Paper long abstract:
This paper investigates how post-war British egg consumption shaped gender roles within the domestic sphere. It will look at three significant inflection points in the history of egg consumption in post-war Britain: the intensification of egg production in the 1950s and 1960s, public health messaging linking dietary cholesterol with coronary heart disease in the 1960s and 1970s, and the Salmonella in eggs crisis of the late 1980s. Each of these events marked a transition in everyday understandings of eggs and marked a point of conflict between the consumer and ‘experts’ regarding what was appropriate, healthful, and safe food.

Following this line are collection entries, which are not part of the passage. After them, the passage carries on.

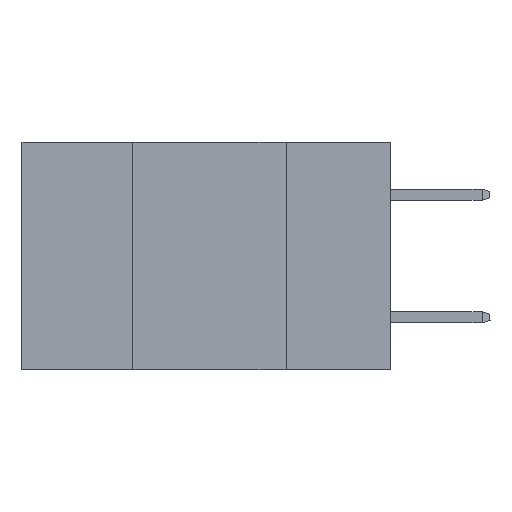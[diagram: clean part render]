
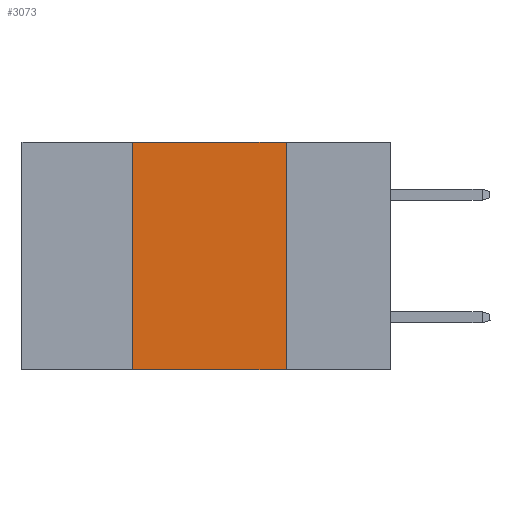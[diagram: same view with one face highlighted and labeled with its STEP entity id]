
A CAD part, left-side view. The second image highlights one B-rep face of the part: STEP entity #3073.
In plain terms, the highlighted planar face has unit normal (-1, 0, 0).
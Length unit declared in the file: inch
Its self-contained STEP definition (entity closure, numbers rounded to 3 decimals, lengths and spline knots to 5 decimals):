
#323 = FACE_OUTER_BOUND ( 'NONE', #18565, .T. ) ;
#399 = CARTESIAN_POINT ( 'NONE',  ( 0., 0.17, 0. ) ) ;
#1219 = VECTOR ( 'NONE', #11458, 39.37008 ) ;
#3073 = ADVANCED_FACE ( 'NONE', ( #323 ), #8924, .F. ) ;
#4827 = EDGE_CURVE ( 'NONE', #21092, #7517, #6558, .T. ) ;
#5776 = CARTESIAN_POINT ( 'NONE',  ( 0., 0.6, -0.37 ) ) ;
#5999 = EDGE_CURVE ( 'NONE', #8613, #7517, #6808, .T. ) ;
#6558 = LINE ( 'NONE', #19188, #11680 ) ;
#6808 = LINE ( 'NONE', #5776, #25552 ) ;
#7356 = CARTESIAN_POINT ( 'NONE',  ( 0., 0.42, -0.37 ) ) ;
#7517 = VERTEX_POINT ( 'NONE', #12710 ) ;
#7982 = VECTOR ( 'NONE', #21868, 39.37008 ) ;
#8613 = VERTEX_POINT ( 'NONE', #7356 ) ;
#8924 = PLANE ( 'NONE',  #17167 ) ;
#9186 = DIRECTION ( 'NONE',  ( 0., 0., -1. ) ) ;
#9191 = ORIENTED_EDGE ( 'NONE', *, *, #5999, .T. ) ;
#10826 = LINE ( 'NONE', #11543, #1219 ) ;
#11458 = DIRECTION ( 'NONE',  ( 0., 0., 1. ) ) ;
#11501 = LINE ( 'NONE', #21607, #7982 ) ;
#11543 = CARTESIAN_POINT ( 'NONE',  ( 0., 0.42, 0. ) ) ;
#11680 = VECTOR ( 'NONE', #23644, 39.37008 ) ;
#12018 = DIRECTION ( 'NONE',  ( 0., -1., 0. ) ) ;
#12710 = CARTESIAN_POINT ( 'NONE',  ( 0., 0.17, -0.37 ) ) ;
#17167 = AXIS2_PLACEMENT_3D ( 'NONE', #23343, #25715, #9186 ) ;
#18533 = ORIENTED_EDGE ( 'NONE', *, *, #4827, .F. ) ;
#18565 = EDGE_LOOP ( 'NONE', ( #18533, #22052, #24383, #9191 ) ) ;
#19188 = CARTESIAN_POINT ( 'NONE',  ( 0., 0.17, 0. ) ) ;
#19479 = CARTESIAN_POINT ( 'NONE',  ( 0., 0.42, 0. ) ) ;
#21092 = VERTEX_POINT ( 'NONE', #399 ) ;
#21607 = CARTESIAN_POINT ( 'NONE',  ( 0., 0.6, 0. ) ) ;
#21868 = DIRECTION ( 'NONE',  ( 0., -1., 0. ) ) ;
#22052 = ORIENTED_EDGE ( 'NONE', *, *, #25072, .F. ) ;
#23343 = CARTESIAN_POINT ( 'NONE',  ( 0., 0.6, 0. ) ) ;
#23417 = VERTEX_POINT ( 'NONE', #19479 ) ;
#23644 = DIRECTION ( 'NONE',  ( 0., 0., -1. ) ) ;
#24383 = ORIENTED_EDGE ( 'NONE', *, *, #25616, .F. ) ;
#25072 = EDGE_CURVE ( 'NONE', #23417, #21092, #11501, .T. ) ;
#25552 = VECTOR ( 'NONE', #12018, 39.37008 ) ;
#25616 = EDGE_CURVE ( 'NONE', #8613, #23417, #10826, .T. ) ;
#25715 = DIRECTION ( 'NONE',  ( 1., 0., 0. ) ) ;
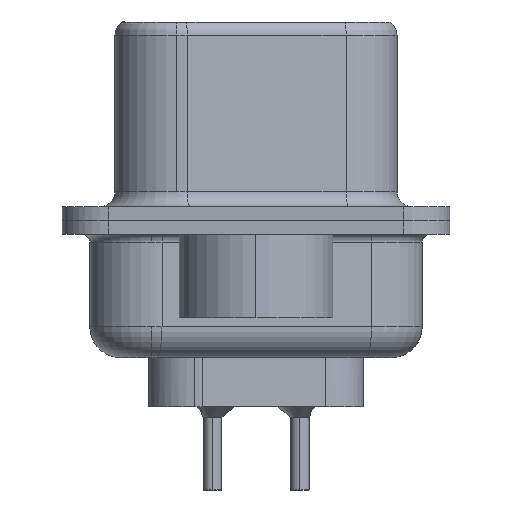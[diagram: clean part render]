
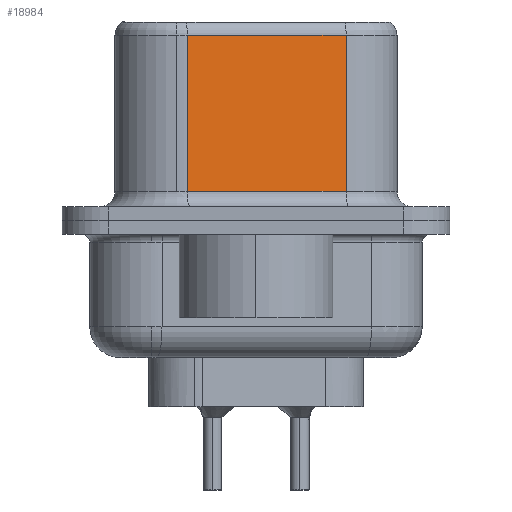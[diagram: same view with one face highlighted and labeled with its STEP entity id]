
A CAD part, left-side view. The second image highlights one B-rep face of the part: STEP entity #18984.
In plain terms, the highlighted planar face has unit normal (-0.985, -0.174, 0).
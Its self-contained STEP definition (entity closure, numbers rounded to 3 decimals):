
#1131 = CARTESIAN_POINT ( 'NONE',  ( 4.575, -2.927, 0.95 ) ) ;
#2706 = VECTOR ( 'NONE', #6003, 1000. ) ;
#3480 = LINE ( 'NONE', #14947, #11274 ) ;
#3970 = DIRECTION ( 'NONE',  ( 0., 0., -1. ) ) ;
#4008 = ORIENTED_EDGE ( 'NONE', *, *, #21231, .T. ) ;
#4558 = CARTESIAN_POINT ( 'NONE',  ( 4.575, -2.927, 0.95 ) ) ;
#5358 = AXIS2_PLACEMENT_3D ( 'NONE', #7436, #18847, #9071 ) ;
#5377 = CARTESIAN_POINT ( 'NONE',  ( 4.575, -2.927, 6.02 ) ) ;
#6003 = DIRECTION ( 'NONE',  ( -0.174, 0.985, 0. ) ) ;
#6024 = ORIENTED_EDGE ( 'NONE', *, *, #20961, .T. ) ;
#7436 = CARTESIAN_POINT ( 'NONE',  ( 4.575, -2.927, 6.52 ) ) ;
#8949 = ORIENTED_EDGE ( 'NONE', *, *, #21414, .F. ) ;
#9071 = DIRECTION ( 'NONE',  ( -0.174, 0.985, 0. ) ) ;
#11274 = VECTOR ( 'NONE', #16600, 1000. ) ;
#12038 = VECTOR ( 'NONE', #3970, 1000. ) ;
#12116 = LINE ( 'NONE', #4558, #13108 ) ;
#12187 = CARTESIAN_POINT ( 'NONE',  ( 3.665, 2.233, 0.95 ) ) ;
#13108 = VECTOR ( 'NONE', #14420, 1000. ) ;
#14420 = DIRECTION ( 'NONE',  ( 0.174, -0.985, 0. ) ) ;
#14947 = CARTESIAN_POINT ( 'NONE',  ( 3.665, 2.233, 6.52 ) ) ;
#15586 = PLANE ( 'NONE',  #5358 ) ;
#15915 = LINE ( 'NONE', #17471, #2706 ) ;
#16600 = DIRECTION ( 'NONE',  ( 0., 0., -1. ) ) ;
#16900 = LINE ( 'NONE', #17151, #12038 ) ;
#16995 = ORIENTED_EDGE ( 'NONE', *, *, #19230, .T. ) ;
#17151 = CARTESIAN_POINT ( 'NONE',  ( 4.575, -2.927, 6.52 ) ) ;
#17471 = CARTESIAN_POINT ( 'NONE',  ( 4.575, -2.927, 6.02 ) ) ;
#17617 = VERTEX_POINT ( 'NONE', #5377 ) ;
#17726 = VERTEX_POINT ( 'NONE', #12187 ) ;
#18311 = VERTEX_POINT ( 'NONE', #20478 ) ;
#18506 = VERTEX_POINT ( 'NONE', #1131 ) ;
#18847 = DIRECTION ( 'NONE',  ( 0.985, 0.174, 0. ) ) ;
#18984 = ADVANCED_FACE ( 'NONE', ( #20060 ), #15586, .F. ) ;
#19230 = EDGE_CURVE ( 'NONE', #17726, #18506, #12116, .T. ) ;
#20060 = FACE_OUTER_BOUND ( 'NONE', #20152, .T. ) ;
#20152 = EDGE_LOOP ( 'NONE', ( #8949, #6024, #4008, #16995 ) ) ;
#20478 = CARTESIAN_POINT ( 'NONE',  ( 3.665, 2.233, 6.02 ) ) ;
#20961 = EDGE_CURVE ( 'NONE', #17617, #18311, #15915, .T. ) ;
#21231 = EDGE_CURVE ( 'NONE', #18311, #17726, #3480, .T. ) ;
#21414 = EDGE_CURVE ( 'NONE', #17617, #18506, #16900, .T. ) ;
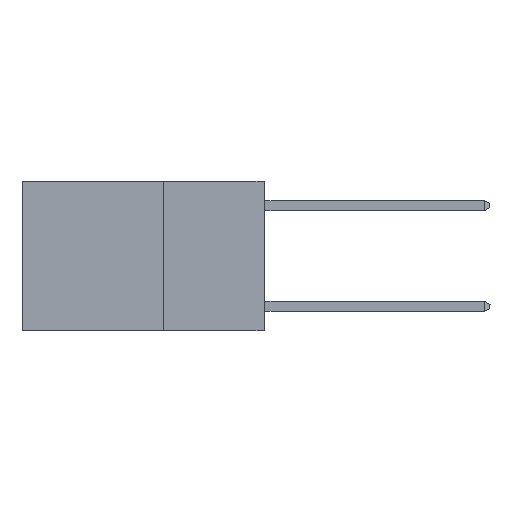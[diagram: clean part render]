
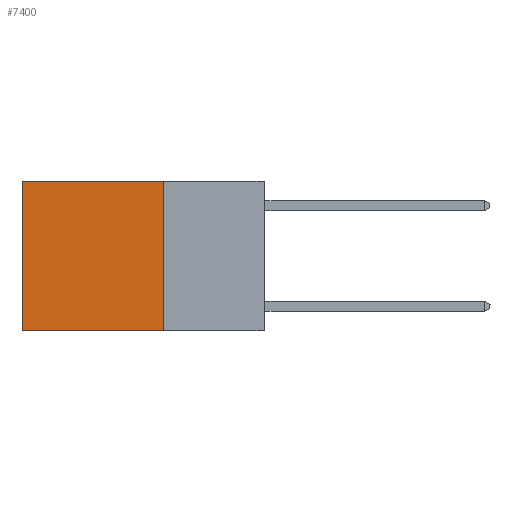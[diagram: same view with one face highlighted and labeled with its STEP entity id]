
A CAD part, left-side view. The second image highlights one B-rep face of the part: STEP entity #7400.
In plain terms, the highlighted planar face has unit normal (-1, 0, 0).
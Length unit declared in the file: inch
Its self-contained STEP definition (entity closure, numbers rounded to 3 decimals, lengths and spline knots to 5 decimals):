
#779 = DIRECTION ( 'NONE',  ( 0., 0., -1. ) ) ;
#1433 = EDGE_CURVE ( 'NONE', #17589, #10092, #2287, .T. ) ;
#1605 = DIRECTION ( 'NONE',  ( 1., 0., 0. ) ) ;
#2287 = LINE ( 'NONE', #10750, #6705 ) ;
#3387 = EDGE_LOOP ( 'NONE', ( #17096, #7426, #20731, #4546 ) ) ;
#4546 = ORIENTED_EDGE ( 'NONE', *, *, #14305, .T. ) ;
#5026 = VECTOR ( 'NONE', #8360, 39.37008 ) ;
#5075 = VERTEX_POINT ( 'NONE', #10902 ) ;
#6010 = LINE ( 'NONE', #13290, #9930 ) ;
#6673 = CARTESIAN_POINT ( 'NONE',  ( 0.2625, 0.6, 0. ) ) ;
#6705 = VECTOR ( 'NONE', #779, 39.37008 ) ;
#7400 = ADVANCED_FACE ( 'NONE', ( #13099 ), #8241, .F. ) ;
#7426 = ORIENTED_EDGE ( 'NONE', *, *, #19831, .F. ) ;
#8207 = LINE ( 'NONE', #10294, #16425 ) ;
#8241 = PLANE ( 'NONE',  #15393 ) ;
#8360 = DIRECTION ( 'NONE',  ( 0., 0., -1. ) ) ;
#9910 = CARTESIAN_POINT ( 'NONE',  ( 0.2625, 0.25, 0. ) ) ;
#9930 = VECTOR ( 'NONE', #14934, 39.37008 ) ;
#10092 = VERTEX_POINT ( 'NONE', #19480 ) ;
#10294 = CARTESIAN_POINT ( 'NONE',  ( 0.2625, 0.25, -0.37 ) ) ;
#10750 = CARTESIAN_POINT ( 'NONE',  ( 0.2625, 0.25, 0. ) ) ;
#10902 = CARTESIAN_POINT ( 'NONE',  ( 0.2625, 0.6, -0.37 ) ) ;
#13099 = FACE_OUTER_BOUND ( 'NONE', #3387, .T. ) ;
#13227 = DIRECTION ( 'NONE',  ( 0., 0., -1. ) ) ;
#13290 = CARTESIAN_POINT ( 'NONE',  ( 0.2625, 0.25, 0. ) ) ;
#13843 = LINE ( 'NONE', #6673, #5026 ) ;
#14305 = EDGE_CURVE ( 'NONE', #17589, #21386, #6010, .T. ) ;
#14934 = DIRECTION ( 'NONE',  ( 0., 1., 0. ) ) ;
#15393 = AXIS2_PLACEMENT_3D ( 'NONE', #9910, #1605, #13227 ) ;
#16425 = VECTOR ( 'NONE', #16943, 39.37008 ) ;
#16943 = DIRECTION ( 'NONE',  ( 0., 1., 0. ) ) ;
#17023 = CARTESIAN_POINT ( 'NONE',  ( 0.2625, 0.6, 0. ) ) ;
#17096 = ORIENTED_EDGE ( 'NONE', *, *, #20935, .T. ) ;
#17589 = VERTEX_POINT ( 'NONE', #19940 ) ;
#19480 = CARTESIAN_POINT ( 'NONE',  ( 0.2625, 0.25, -0.37 ) ) ;
#19831 = EDGE_CURVE ( 'NONE', #10092, #5075, #8207, .T. ) ;
#19940 = CARTESIAN_POINT ( 'NONE',  ( 0.2625, 0.25, 0. ) ) ;
#20731 = ORIENTED_EDGE ( 'NONE', *, *, #1433, .F. ) ;
#20935 = EDGE_CURVE ( 'NONE', #21386, #5075, #13843, .T. ) ;
#21386 = VERTEX_POINT ( 'NONE', #17023 ) ;

The figure of the ‘housewife’ was often the target of marketing and health messaging in this period and women bore the responsibility of ensuring a healthy household by shopping sensibly and deploying safe cooking practices. Through analysing the representation of women in public health messaging and marketing – and the points of conflict between the producers of this content and its recipients – this paper will provide new insights into the gendered aspects of the interaction between health and food. It will argue that gender roles in in the domestic space were constructed and enforced in public health messaging and marketing with the burden of responsibility often falling on women. Through this, the paper will reveal the need to account for and mitigate the gendered presentation of responsibility when translating necessary changes in the food system to the everyday domestic sphere.